All other tokens, e.g., IDTokens, MUST be properly verified!

@turakvlad Since I only need the username, I resorted to parsing the JWT AccessToken like so

import * as jsonwebtoken from 'jsonwebtoken';

interface ParsedToken {
  sub: string
  event_id: string
  token_use: string
  scope: string
  auth_time: number,
  iss: string
  exp: number,
  iat: number,
  jti: string
  client_id: string
  username: string
}

const parsedToken = (jsonwebtoken.decode(getAccessToken(event)) as ParsedToken)
const username = parsedToken.username;

export function getAccessToken(event: APIGatewayProxyEvent): string {
  return event.headers.authorization || event.headers.Authorization;
}

This assumes that you use a header Authorization to send the AccessToken.
Together with --noAuth this works.

Please note that actually verifying the AccessToken is NOT needed anymore if you use the API Gateway Authorizer, e.g.,

httpApi: {
  payload: '2.0',
  cors: true,
  authorizers: {
    serviceAuthorizer: {
      identitySource: '$request.header.Authorization',
      issuerUrl: 'https://cognito-idp.YOUR_REGION.amazonaws.com/YOUR_USERPOOL_ID',
      audience: [
        'YOUR_AUDIENCE'
      ]
    }
  }
}

All other tokens, e.g., IDTokens, MUST be properly verified!

Hi there, thanks for sharing! However it's not clear to me why ID token must be verified. I use the Oauth2 authorizer of the http-api with ID tokens and it seems to work.. (just wondering if I have a security problem with this configuration). I thought that the API Gateway verified the token on my behalf. Is not the case with ID token?

Another point, since http api does not have a lambda authorizer, where do you verify/decode the token? On your target lambda? Thanks

However it's not clear to me why ID token must be verified. I use the Oauth2 authorizer of the http-api with ID tokens and it seems to work.. (just wondering if I have a security problem with this configuration)

Interesting that it works with ID tokens as well. As far as I know (and I am not a security specialist by any means!), the ID token is only for identification. When you actually want to do requests AS THE USER from your Lambda, you need the access token.
Of course, you could only test whether a user is the person it claims to be (= ID token) and do all requests to the AWS API via Lambda permissions (= the permissions you give in the serverless.yaml).

My comment "All other tokens, e.g., IDTokens, MUST be properly verified!" is meant like: "if you send the ID token to the lambda as well, e.g., via the POST body, you have to verify them as they are NOT verified by the Authorizer".

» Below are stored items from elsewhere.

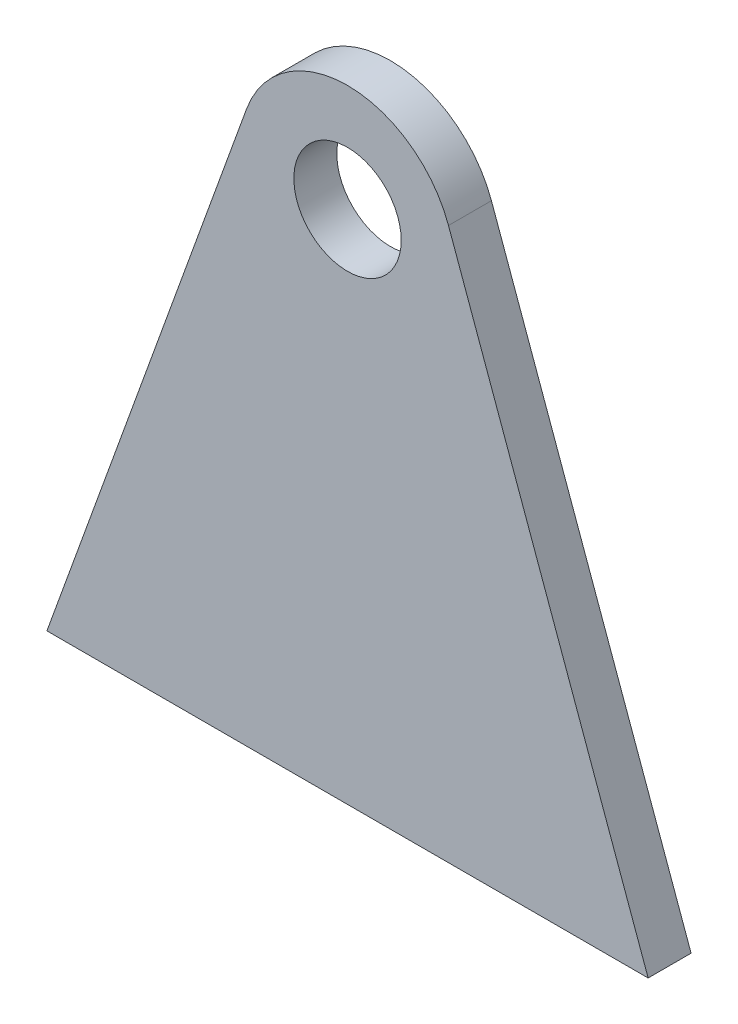
ISO-10303-21;
HEADER;
FILE_DESCRIPTION(('STEP AP214'),'2;1');
FILE_NAME('part.step','',(''),(''),'','','');
FILE_SCHEMA(('AUTOMOTIVE_DESIGN { 1 0 10303 214 1 1 1 1 }'));
ENDSEC;
DATA;
#1=APPLICATION_CONTEXT('core data for automotive mechanical design processes');
#2=APPLICATION_PROTOCOL_DEFINITION('international standard','automotive_design',2000,#1);
#3=PRODUCT_CONTEXT('',#1,'mechanical');
#4=PRODUCT('Part','Part','',(#3));
#5=PRODUCT_RELATED_PRODUCT_CATEGORY('part','',(#4));
#6=PRODUCT_DEFINITION_FORMATION('','',#4);
#7=PRODUCT_DEFINITION_CONTEXT('part definition',#1,'design');
#8=PRODUCT_DEFINITION('design','',#6,#7);
#9=PRODUCT_DEFINITION_SHAPE('','',#8);
#10=(LENGTH_UNIT() NAMED_UNIT(*) SI_UNIT(.MILLI.,.METRE.));
#11=(NAMED_UNIT(*) PLANE_ANGLE_UNIT() SI_UNIT($,.RADIAN.));
#12=(NAMED_UNIT(*) SI_UNIT($,.STERADIAN.) SOLID_ANGLE_UNIT());
#13=UNCERTAINTY_MEASURE_WITH_UNIT(LENGTH_MEASURE(1.E-05),#10,'distance_accuracy_value','');
#14=(GEOMETRIC_REPRESENTATION_CONTEXT(3) GLOBAL_UNCERTAINTY_ASSIGNED_CONTEXT((#13)) GLOBAL_UNIT_ASSIGNED_CONTEXT((#10,
#11,#12)) REPRESENTATION_CONTEXT('',''));
#15=CARTESIAN_POINT('',(0.,0.,0.));
#16=DIRECTION('',(0.,0.,1.));
#17=DIRECTION('',(1.,0.,0.));
#18=AXIS2_PLACEMENT_3D('',#15,#16,#17);
#19=CARTESIAN_POINT('',(0.,0.,10.));
#20=DIRECTION('',(0.,0.,1.));
#21=DIRECTION('',(1.,0.,0.));
#22=AXIS2_PLACEMENT_3D('',#19,#20,#21);
#23=PLANE('',#22);
#24=CARTESIAN_POINT('',(0.,0.,10.));
#25=DIRECTION('',(0.,0.,1.));
#26=DIRECTION('',(1.,0.,0.));
#27=AXIS2_PLACEMENT_3D('',#24,#25,#26);
#28=CIRCLE('',#27,50.);
#29=CARTESIAN_POINT('',(47.0175659131081,17.0102467826464,10.));
#30=VERTEX_POINT('',#29);
#31=CARTESIAN_POINT('',(-47.0175659131082,17.0102467826464,10.));
#32=VERTEX_POINT('',#31);
#33=EDGE_CURVE('E85',#30,#32,#28,.T.);
#34=ORIENTED_EDGE('',*,*,#33,.T.);
#35=DIRECTION('',(-0.340204935652928,-0.940351318262163,0.));
#36=VECTOR('',#35,1.);
#37=CARTESIAN_POINT('',(-140.,-240.,10.));
#38=LINE('',#37,#36);
#39=CARTESIAN_POINT('',(-140.,-240.,10.));
#40=VERTEX_POINT('',#39);
#41=EDGE_CURVE('E80',#32,#40,#38,.T.);
#42=ORIENTED_EDGE('',*,*,#41,.T.);
#43=DIRECTION('',(1.,0.,0.));
#44=VECTOR('',#43,1.);
#45=CARTESIAN_POINT('',(-140.,-240.,10.));
#46=LINE('',#45,#44);
#47=CARTESIAN_POINT('',(140.,-240.,10.));
#48=VERTEX_POINT('',#47);
#49=EDGE_CURVE('E83',#40,#48,#46,.T.);
#50=ORIENTED_EDGE('',*,*,#49,.T.);
#51=DIRECTION('',(-0.340204935652929,0.940351318262163,0.));
#52=VECTOR('',#51,1.);
#53=CARTESIAN_POINT('',(140.,-240.,10.));
#54=LINE('',#53,#52);
#55=EDGE_CURVE('E50',#48,#30,#54,.T.);
#56=ORIENTED_EDGE('',*,*,#55,.T.);
#57=EDGE_LOOP('',(#34,#42,#50,#56));
#58=FACE_BOUND('',#57,.T.);
#59=CARTESIAN_POINT('',(0.,0.,10.));
#60=DIRECTION('',(0.,0.,1.));
#61=DIRECTION('',(1.,0.,0.));
#62=AXIS2_PLACEMENT_3D('',#59,#60,#61);
#63=CIRCLE('',#62,25.);
#64=CARTESIAN_POINT('',(25.,0.,10.));
#65=VERTEX_POINT('',#64);
#66=EDGE_CURVE('E100',#65,#65,#63,.T.);
#67=ORIENTED_EDGE('',*,*,#66,.F.);
#68=EDGE_LOOP('',(#67));
#69=FACE_BOUND('',#68,.T.);
#70=ADVANCED_FACE('F33',(#58,#69),#23,.T.);
#71=CARTESIAN_POINT('',(0.,0.,-10.));
#72=DIRECTION('',(0.,0.,1.));
#73=DIRECTION('',(1.,0.,0.));
#74=AXIS2_PLACEMENT_3D('',#71,#72,#73);
#75=PLANE('',#74);
#76=CARTESIAN_POINT('',(0.,0.,-10.));
#77=DIRECTION('',(0.,0.,1.));
#78=DIRECTION('',(1.,0.,0.));
#79=AXIS2_PLACEMENT_3D('',#76,#77,#78);
#80=CIRCLE('',#79,50.);
#81=CARTESIAN_POINT('',(47.0175659131081,17.0102467826464,-10.));
#82=VERTEX_POINT('',#81);
#83=CARTESIAN_POINT('',(-47.0175659131082,17.0102467826464,-10.));
#84=VERTEX_POINT('',#83);
#85=EDGE_CURVE('E97',#82,#84,#80,.T.);
#86=ORIENTED_EDGE('',*,*,#85,.F.);
#87=DIRECTION('',(-0.340204935652929,0.940351318262163,0.));
#88=VECTOR('',#87,1.);
#89=CARTESIAN_POINT('',(140.,-240.,-10.));
#90=LINE('',#89,#88);
#91=CARTESIAN_POINT('',(140.,-240.,-10.));
#92=VERTEX_POINT('',#91);
#93=EDGE_CURVE('E73',#92,#82,#90,.T.);
#94=ORIENTED_EDGE('',*,*,#93,.F.);
#95=DIRECTION('',(1.,0.,0.));
#96=VECTOR('',#95,1.);
#97=CARTESIAN_POINT('',(-140.,-240.,-10.));
#98=LINE('',#97,#96);
#99=CARTESIAN_POINT('',(-140.,-240.,-10.));
#100=VERTEX_POINT('',#99);
#101=EDGE_CURVE('E67',#100,#92,#98,.T.);
#102=ORIENTED_EDGE('',*,*,#101,.F.);
#103=DIRECTION('',(-0.340204935652928,-0.940351318262163,0.));
#104=VECTOR('',#103,1.);
#105=CARTESIAN_POINT('',(-140.,-240.,-10.));
#106=LINE('',#105,#104);
#107=EDGE_CURVE('E89',#84,#100,#106,.T.);
#108=ORIENTED_EDGE('',*,*,#107,.F.);
#109=EDGE_LOOP('',(#86,#94,#102,#108));
#110=FACE_BOUND('',#109,.T.);
#111=CARTESIAN_POINT('',(0.,0.,-10.));
#112=DIRECTION('',(0.,0.,1.));
#113=DIRECTION('',(1.,0.,0.));
#114=AXIS2_PLACEMENT_3D('',#111,#112,#113);
#115=CIRCLE('',#114,25.);
#116=CARTESIAN_POINT('',(25.,0.,-10.));
#117=VERTEX_POINT('',#116);
#118=EDGE_CURVE('E112',#117,#117,#115,.T.);
#119=ORIENTED_EDGE('',*,*,#118,.T.);
#120=EDGE_LOOP('',(#119));
#121=FACE_BOUND('',#120,.T.);
#122=ADVANCED_FACE('F108',(#110,#121),#75,.F.);
#123=CARTESIAN_POINT('',(0.,0.,10.));
#124=DIRECTION('',(0.,0.,-1.));
#125=DIRECTION('',(-1.,0.,0.));
#126=AXIS2_PLACEMENT_3D('',#123,#124,#125);
#127=CYLINDRICAL_SURFACE('',#126,50.);
#128=ORIENTED_EDGE('',*,*,#85,.T.);
#129=DIRECTION('',(0.,0.,-1.));
#130=VECTOR('',#129,1.);
#131=CARTESIAN_POINT('',(-47.0175659131082,17.0102467826464,10.));
#132=LINE('',#131,#130);
#133=EDGE_CURVE('E11',#32,#84,#132,.T.);
#134=ORIENTED_EDGE('',*,*,#133,.F.);
#135=ORIENTED_EDGE('',*,*,#33,.F.);
#136=DIRECTION('',(0.,0.,-1.));
#137=VECTOR('',#136,1.);
#138=CARTESIAN_POINT('',(47.0175659131081,17.0102467826464,10.));
#139=LINE('',#138,#137);
#140=EDGE_CURVE('E93',#30,#82,#139,.T.);
#141=ORIENTED_EDGE('',*,*,#140,.T.);
#142=EDGE_LOOP('',(#128,#134,#135,#141));
#143=FACE_BOUND('',#142,.T.);
#144=ADVANCED_FACE('F35',(#143),#127,.T.);
#145=CARTESIAN_POINT('',(-140.,-240.,10.));
#146=DIRECTION('',(0.940351318262163,-0.340204935652928,0.));
#147=DIRECTION('',(0.340204935652928,0.940351318262163,0.));
#148=AXIS2_PLACEMENT_3D('',#145,#146,#147);
#149=PLANE('',#148);
#150=ORIENTED_EDGE('',*,*,#107,.T.);
#151=DIRECTION('',(0.,0.,-1.));
#152=VECTOR('',#151,1.);
#153=CARTESIAN_POINT('',(-140.,-240.,10.));
#154=LINE('',#153,#152);
#155=EDGE_CURVE('E42',#40,#100,#154,.T.);
#156=ORIENTED_EDGE('',*,*,#155,.F.);
#157=ORIENTED_EDGE('',*,*,#41,.F.);
#158=ORIENTED_EDGE('',*,*,#133,.T.);
#159=EDGE_LOOP('',(#150,#156,#157,#158));
#160=FACE_BOUND('',#159,.T.);
#161=ADVANCED_FACE('F88',(#160),#149,.F.);
#162=CARTESIAN_POINT('',(-140.,-240.,10.));
#163=DIRECTION('',(0.,1.,0.));
#164=DIRECTION('',(-1.,0.,0.));
#165=AXIS2_PLACEMENT_3D('',#162,#163,#164);
#166=PLANE('',#165);
#167=ORIENTED_EDGE('',*,*,#101,.T.);
#168=DIRECTION('',(0.,0.,-1.));
#169=VECTOR('',#168,1.);
#170=CARTESIAN_POINT('',(140.,-240.,10.));
#171=LINE('',#170,#169);
#172=EDGE_CURVE('E90',#48,#92,#171,.T.);
#173=ORIENTED_EDGE('',*,*,#172,.F.);
#174=ORIENTED_EDGE('',*,*,#49,.F.);
#175=ORIENTED_EDGE('',*,*,#155,.T.);
#176=EDGE_LOOP('',(#167,#173,#174,#175));
#177=FACE_BOUND('',#176,.T.);
#178=ADVANCED_FACE('F91',(#177),#166,.F.);
#179=CARTESIAN_POINT('',(140.,-240.,10.));
#180=DIRECTION('',(-0.940351318262163,-0.340204935652929,0.));
#181=DIRECTION('',(0.340204935652929,-0.940351318262163,0.));
#182=AXIS2_PLACEMENT_3D('',#179,#180,#181);
#183=PLANE('',#182);
#184=ORIENTED_EDGE('',*,*,#93,.T.);
#185=ORIENTED_EDGE('',*,*,#140,.F.);
#186=ORIENTED_EDGE('',*,*,#55,.F.);
#187=ORIENTED_EDGE('',*,*,#172,.T.);
#188=EDGE_LOOP('',(#184,#185,#186,#187));
#189=FACE_BOUND('',#188,.T.);
#190=ADVANCED_FACE('F105',(#189),#183,.F.);
#191=CARTESIAN_POINT('',(0.,0.,10.));
#192=DIRECTION('',(0.,0.,-1.));
#193=DIRECTION('',(-1.,0.,0.));
#194=AXIS2_PLACEMENT_3D('',#191,#192,#193);
#195=CYLINDRICAL_SURFACE('',#194,25.);
#196=ORIENTED_EDGE('',*,*,#66,.T.);
#197=EDGE_LOOP('',(#196));
#198=FACE_BOUND('',#197,.T.);
#199=ORIENTED_EDGE('',*,*,#118,.F.);
#200=EDGE_LOOP('',(#199));
#201=FACE_BOUND('',#200,.T.);
#202=ADVANCED_FACE('F118',(#198,#201),#195,.F.);
#203=CLOSED_SHELL('',(#70,#122,#144,#161,#178,#190,#202));
#204=MANIFOLD_SOLID_BREP('B2',#203);
#205=ADVANCED_BREP_SHAPE_REPRESENTATION('',(#18,#204),#14);
#206=SHAPE_DEFINITION_REPRESENTATION(#9,#205);
ENDSEC;
END-ISO-10303-21;

My verification code, which should work for ID- and Access-Tokens alike, is:

import JwksClient, {CertSigningKey, RsaSigningKey} from 'jwks-rsa';
import * as jsonwebtoken from 'jsonwebtoken';

export const OAUTH_CONFIG = {
  jwt_public_keys: `https://cognito-idp.${REGION}.amazonaws.com/${USER_POOL_ID}/.well-known/jwks.json`,
}


export async function isValidToken(token: string): Promise<boolean> {
  // Adapted from https://www.npmjs.com/package/jsonwebtoken#jwtverifytoken-secretorpublickey-options-callback
  const client = JwksClient({
    jwksUri: OAUTH_CONFIG.jwt_public_keys
  });

  function getKey(header, callback) {
    client.getSigningKey(header.kid, function (_, key) {
      const signingKey = (key as CertSigningKey).publicKey || (key as RsaSigningKey).rsaPublicKey;
      callback(null, signingKey);
    });
  }

  return new Promise<boolean>((resolve, _) => {
    jsonwebtoken.verify(token, getKey, function (err, decoded) {
      if (err) return resolve(false);
      resolve(!!decoded);
    });
  });
}

But to reiterate: if ID tokens work normal without any modifications and the API gateway lets the request through to your Lambda, the ID token is verified automatically. You can easily test this by using an invalid ID token and observe whether you get a 401 Not Authorized.

More information can be found here: https://docs.aws.amazon.com/apigateway/latest/developerguide/apigateway-integrate-with-cognito.html
In particular:

The identity token is used to authorize API calls based on identity claims of the signed-in user. The access token is used to authorize API calls based on the custom scopes of specified access-protected resources.